Data section:

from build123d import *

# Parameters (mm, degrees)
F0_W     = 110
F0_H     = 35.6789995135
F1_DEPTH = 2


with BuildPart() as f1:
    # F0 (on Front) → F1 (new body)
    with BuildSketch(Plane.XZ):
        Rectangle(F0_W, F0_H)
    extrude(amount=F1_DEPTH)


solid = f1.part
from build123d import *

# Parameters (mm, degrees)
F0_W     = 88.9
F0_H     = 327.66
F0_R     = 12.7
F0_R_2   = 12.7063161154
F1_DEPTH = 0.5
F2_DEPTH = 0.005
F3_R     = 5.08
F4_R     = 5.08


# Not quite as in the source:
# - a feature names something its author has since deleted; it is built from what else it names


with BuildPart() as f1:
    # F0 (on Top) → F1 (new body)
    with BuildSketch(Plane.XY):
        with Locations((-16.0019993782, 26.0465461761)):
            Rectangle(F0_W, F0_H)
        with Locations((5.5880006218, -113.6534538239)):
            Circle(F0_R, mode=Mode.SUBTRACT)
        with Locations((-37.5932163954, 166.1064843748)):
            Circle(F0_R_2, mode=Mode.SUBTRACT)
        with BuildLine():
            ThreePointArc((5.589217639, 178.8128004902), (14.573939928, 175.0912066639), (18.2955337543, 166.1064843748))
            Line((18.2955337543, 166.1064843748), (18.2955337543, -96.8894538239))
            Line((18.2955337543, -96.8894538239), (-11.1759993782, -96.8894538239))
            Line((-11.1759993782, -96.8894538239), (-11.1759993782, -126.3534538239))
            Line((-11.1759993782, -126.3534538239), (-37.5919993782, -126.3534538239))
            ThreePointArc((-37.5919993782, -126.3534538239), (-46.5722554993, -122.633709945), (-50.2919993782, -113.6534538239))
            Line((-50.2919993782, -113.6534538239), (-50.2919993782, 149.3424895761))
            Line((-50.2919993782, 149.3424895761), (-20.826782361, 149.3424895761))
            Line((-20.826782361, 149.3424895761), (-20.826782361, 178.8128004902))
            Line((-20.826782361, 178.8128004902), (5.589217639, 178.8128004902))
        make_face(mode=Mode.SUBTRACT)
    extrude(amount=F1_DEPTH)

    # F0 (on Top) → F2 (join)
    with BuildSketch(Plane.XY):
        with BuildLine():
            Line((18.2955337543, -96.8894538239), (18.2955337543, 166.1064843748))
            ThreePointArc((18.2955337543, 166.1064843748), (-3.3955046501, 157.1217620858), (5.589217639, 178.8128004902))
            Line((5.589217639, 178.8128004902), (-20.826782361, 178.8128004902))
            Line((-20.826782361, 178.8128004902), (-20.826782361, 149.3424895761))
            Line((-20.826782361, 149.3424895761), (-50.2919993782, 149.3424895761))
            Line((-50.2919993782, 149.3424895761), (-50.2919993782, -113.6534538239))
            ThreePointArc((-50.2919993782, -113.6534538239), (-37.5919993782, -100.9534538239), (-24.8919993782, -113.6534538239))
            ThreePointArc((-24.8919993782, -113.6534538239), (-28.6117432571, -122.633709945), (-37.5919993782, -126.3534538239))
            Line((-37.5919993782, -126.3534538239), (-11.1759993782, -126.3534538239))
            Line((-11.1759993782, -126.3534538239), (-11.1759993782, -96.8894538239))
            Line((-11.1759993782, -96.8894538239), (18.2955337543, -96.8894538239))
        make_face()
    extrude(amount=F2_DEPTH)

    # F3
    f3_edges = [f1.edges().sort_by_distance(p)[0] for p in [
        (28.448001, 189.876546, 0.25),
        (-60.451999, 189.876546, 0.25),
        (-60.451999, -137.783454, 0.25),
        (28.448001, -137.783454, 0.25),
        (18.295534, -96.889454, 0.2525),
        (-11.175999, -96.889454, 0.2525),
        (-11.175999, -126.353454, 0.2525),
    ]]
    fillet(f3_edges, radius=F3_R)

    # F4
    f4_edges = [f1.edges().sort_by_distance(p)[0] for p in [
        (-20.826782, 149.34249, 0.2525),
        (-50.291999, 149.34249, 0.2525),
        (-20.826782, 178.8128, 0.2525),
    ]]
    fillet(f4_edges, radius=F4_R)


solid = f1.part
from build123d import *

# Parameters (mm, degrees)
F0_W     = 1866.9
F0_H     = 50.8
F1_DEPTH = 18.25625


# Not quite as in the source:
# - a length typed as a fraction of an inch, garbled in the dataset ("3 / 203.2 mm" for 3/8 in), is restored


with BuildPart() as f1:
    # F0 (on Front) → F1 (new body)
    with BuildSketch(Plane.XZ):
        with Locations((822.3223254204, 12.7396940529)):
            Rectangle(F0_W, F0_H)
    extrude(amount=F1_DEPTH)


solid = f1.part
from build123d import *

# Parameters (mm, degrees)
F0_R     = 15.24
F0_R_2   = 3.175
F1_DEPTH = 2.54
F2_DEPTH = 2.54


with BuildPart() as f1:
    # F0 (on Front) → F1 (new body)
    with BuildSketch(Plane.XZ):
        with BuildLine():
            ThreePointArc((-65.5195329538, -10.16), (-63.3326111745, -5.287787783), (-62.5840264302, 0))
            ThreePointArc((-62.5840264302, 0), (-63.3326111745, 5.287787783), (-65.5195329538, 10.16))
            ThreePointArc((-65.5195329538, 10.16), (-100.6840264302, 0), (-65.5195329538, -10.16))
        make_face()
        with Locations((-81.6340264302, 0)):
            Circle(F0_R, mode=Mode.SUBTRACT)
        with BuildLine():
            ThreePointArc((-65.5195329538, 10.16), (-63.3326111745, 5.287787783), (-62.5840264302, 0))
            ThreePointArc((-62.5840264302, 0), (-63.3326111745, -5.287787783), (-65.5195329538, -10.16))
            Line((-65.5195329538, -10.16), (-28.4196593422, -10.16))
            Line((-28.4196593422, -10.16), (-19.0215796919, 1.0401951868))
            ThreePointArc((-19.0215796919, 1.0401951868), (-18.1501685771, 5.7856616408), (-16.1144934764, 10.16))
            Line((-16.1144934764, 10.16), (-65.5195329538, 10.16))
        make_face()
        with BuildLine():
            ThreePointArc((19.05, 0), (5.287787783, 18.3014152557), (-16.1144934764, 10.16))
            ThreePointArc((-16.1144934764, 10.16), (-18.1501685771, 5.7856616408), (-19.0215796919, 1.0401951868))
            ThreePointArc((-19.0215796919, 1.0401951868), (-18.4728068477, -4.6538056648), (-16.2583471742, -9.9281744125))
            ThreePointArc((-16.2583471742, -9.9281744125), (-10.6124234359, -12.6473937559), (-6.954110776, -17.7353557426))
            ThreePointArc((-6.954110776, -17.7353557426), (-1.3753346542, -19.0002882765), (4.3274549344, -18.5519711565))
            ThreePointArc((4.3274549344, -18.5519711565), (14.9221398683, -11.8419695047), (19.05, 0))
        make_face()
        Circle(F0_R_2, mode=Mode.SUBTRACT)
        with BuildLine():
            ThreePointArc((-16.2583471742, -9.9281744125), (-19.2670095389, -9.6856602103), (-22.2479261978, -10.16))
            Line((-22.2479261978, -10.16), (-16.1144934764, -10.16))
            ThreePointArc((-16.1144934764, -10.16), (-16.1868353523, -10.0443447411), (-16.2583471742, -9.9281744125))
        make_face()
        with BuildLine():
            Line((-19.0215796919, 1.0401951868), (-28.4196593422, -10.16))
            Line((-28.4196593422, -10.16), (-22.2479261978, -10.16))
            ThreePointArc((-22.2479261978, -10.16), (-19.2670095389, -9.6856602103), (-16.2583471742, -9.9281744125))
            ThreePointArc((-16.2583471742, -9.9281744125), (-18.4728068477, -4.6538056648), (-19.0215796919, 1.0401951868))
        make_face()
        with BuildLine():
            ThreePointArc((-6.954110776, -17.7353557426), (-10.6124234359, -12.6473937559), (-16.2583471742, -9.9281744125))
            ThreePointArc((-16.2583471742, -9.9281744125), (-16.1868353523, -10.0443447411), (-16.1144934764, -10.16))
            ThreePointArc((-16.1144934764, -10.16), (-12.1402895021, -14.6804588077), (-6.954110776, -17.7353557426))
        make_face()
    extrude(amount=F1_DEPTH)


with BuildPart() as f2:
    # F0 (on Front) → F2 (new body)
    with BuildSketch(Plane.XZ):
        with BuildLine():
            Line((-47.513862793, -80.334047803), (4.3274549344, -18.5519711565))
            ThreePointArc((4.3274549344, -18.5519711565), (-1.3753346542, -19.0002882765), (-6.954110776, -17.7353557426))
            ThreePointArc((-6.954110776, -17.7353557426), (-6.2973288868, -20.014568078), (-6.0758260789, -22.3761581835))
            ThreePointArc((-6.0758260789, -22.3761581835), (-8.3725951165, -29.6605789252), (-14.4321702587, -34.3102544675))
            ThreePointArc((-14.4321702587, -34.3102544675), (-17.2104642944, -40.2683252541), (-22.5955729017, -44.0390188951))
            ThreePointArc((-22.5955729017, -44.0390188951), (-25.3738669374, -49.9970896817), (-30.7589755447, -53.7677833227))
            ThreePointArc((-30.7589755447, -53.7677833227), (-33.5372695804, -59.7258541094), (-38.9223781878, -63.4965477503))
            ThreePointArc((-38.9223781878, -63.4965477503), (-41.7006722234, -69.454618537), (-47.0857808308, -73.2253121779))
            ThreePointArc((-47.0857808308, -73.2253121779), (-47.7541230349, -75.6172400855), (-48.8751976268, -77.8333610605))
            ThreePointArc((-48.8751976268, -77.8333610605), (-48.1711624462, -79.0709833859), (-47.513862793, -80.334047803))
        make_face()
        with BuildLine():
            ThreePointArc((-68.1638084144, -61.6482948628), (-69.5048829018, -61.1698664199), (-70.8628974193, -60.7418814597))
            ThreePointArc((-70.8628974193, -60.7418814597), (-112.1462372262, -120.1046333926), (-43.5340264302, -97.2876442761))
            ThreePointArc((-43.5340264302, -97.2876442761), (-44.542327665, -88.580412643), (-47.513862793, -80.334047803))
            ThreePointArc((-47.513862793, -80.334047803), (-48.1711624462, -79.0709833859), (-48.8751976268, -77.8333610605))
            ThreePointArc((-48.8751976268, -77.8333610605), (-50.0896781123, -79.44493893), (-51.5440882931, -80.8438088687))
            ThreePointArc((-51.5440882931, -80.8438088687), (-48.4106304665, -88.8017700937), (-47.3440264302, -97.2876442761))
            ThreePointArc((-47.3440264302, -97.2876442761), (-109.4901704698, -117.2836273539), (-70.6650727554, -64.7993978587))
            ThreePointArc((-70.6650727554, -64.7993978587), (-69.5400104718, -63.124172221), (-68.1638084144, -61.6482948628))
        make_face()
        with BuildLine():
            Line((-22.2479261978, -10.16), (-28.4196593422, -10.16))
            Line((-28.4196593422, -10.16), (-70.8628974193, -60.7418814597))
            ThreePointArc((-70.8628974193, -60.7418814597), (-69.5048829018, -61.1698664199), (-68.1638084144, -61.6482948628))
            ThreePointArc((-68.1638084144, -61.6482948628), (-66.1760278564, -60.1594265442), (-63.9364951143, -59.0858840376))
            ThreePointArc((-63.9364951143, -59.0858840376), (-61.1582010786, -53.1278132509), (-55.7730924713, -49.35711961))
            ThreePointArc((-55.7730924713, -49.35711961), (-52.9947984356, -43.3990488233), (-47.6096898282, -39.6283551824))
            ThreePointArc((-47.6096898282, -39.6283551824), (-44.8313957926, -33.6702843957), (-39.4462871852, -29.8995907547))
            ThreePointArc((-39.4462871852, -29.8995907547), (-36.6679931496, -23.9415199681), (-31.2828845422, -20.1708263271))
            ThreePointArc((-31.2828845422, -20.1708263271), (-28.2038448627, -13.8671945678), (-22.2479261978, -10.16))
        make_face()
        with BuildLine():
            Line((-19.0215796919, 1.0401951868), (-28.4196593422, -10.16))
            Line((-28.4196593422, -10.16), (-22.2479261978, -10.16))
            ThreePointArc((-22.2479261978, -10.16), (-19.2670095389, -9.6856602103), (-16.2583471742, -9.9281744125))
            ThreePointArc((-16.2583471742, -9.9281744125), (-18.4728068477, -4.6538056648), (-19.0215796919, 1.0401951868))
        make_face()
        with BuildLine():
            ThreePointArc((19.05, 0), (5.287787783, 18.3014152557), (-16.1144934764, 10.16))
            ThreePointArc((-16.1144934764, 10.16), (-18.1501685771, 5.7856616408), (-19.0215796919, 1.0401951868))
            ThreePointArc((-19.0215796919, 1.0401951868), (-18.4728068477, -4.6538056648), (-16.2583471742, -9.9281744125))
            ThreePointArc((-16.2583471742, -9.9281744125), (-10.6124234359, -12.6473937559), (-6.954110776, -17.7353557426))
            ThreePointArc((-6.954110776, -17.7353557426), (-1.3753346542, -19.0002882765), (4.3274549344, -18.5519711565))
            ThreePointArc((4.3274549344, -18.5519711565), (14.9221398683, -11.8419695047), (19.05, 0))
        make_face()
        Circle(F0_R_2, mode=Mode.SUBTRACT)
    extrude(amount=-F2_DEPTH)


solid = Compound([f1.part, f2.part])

Your assignment:
What do the lines above say from the one containing "-79.0709833859), (-47.513862793, -80.334047803))" down to the one containing "-53.1278132509), (-55.7730924713, -49.35711961))"? Return them exactly, both end lines included, and only them.

Task solution:
            ThreePointArc((-48.8751976268, -77.8333610605), (-48.1711624462, -79.0709833859), (-47.513862793, -80.334047803))
        make_face()
        with BuildLine():
            ThreePointArc((-68.1638084144, -61.6482948628), (-69.5048829018, -61.1698664199), (-70.8628974193, -60.7418814597))
            ThreePointArc((-70.8628974193, -60.7418814597), (-112.1462372262, -120.1046333926), (-43.5340264302, -97.2876442761))
            ThreePointArc((-43.5340264302, -97.2876442761), (-44.542327665, -88.580412643), (-47.513862793, -80.334047803))
            ThreePointArc((-47.513862793, -80.334047803), (-48.1711624462, -79.0709833859), (-48.8751976268, -77.8333610605))
            ThreePointArc((-48.8751976268, -77.8333610605), (-50.0896781123, -79.44493893), (-51.5440882931, -80.8438088687))
            ThreePointArc((-51.5440882931, -80.8438088687), (-48.4106304665, -88.8017700937), (-47.3440264302, -97.2876442761))
            ThreePointArc((-47.3440264302, -97.2876442761), (-109.4901704698, -117.2836273539), (-70.6650727554, -64.7993978587))
            ThreePointArc((-70.6650727554, -64.7993978587), (-69.5400104718, -63.124172221), (-68.1638084144, -61.6482948628))
        make_face()
        with BuildLine():
            Line((-22.2479261978, -10.16), (-28.4196593422, -10.16))
            Line((-28.4196593422, -10.16), (-70.8628974193, -60.7418814597))
            ThreePointArc((-70.8628974193, -60.7418814597), (-69.5048829018, -61.1698664199), (-68.1638084144, -61.6482948628))
            ThreePointArc((-68.1638084144, -61.6482948628), (-66.1760278564, -60.1594265442), (-63.9364951143, -59.0858840376))
            ThreePointArc((-63.9364951143, -59.0858840376), (-61.1582010786, -53.1278132509), (-55.7730924713, -49.35711961))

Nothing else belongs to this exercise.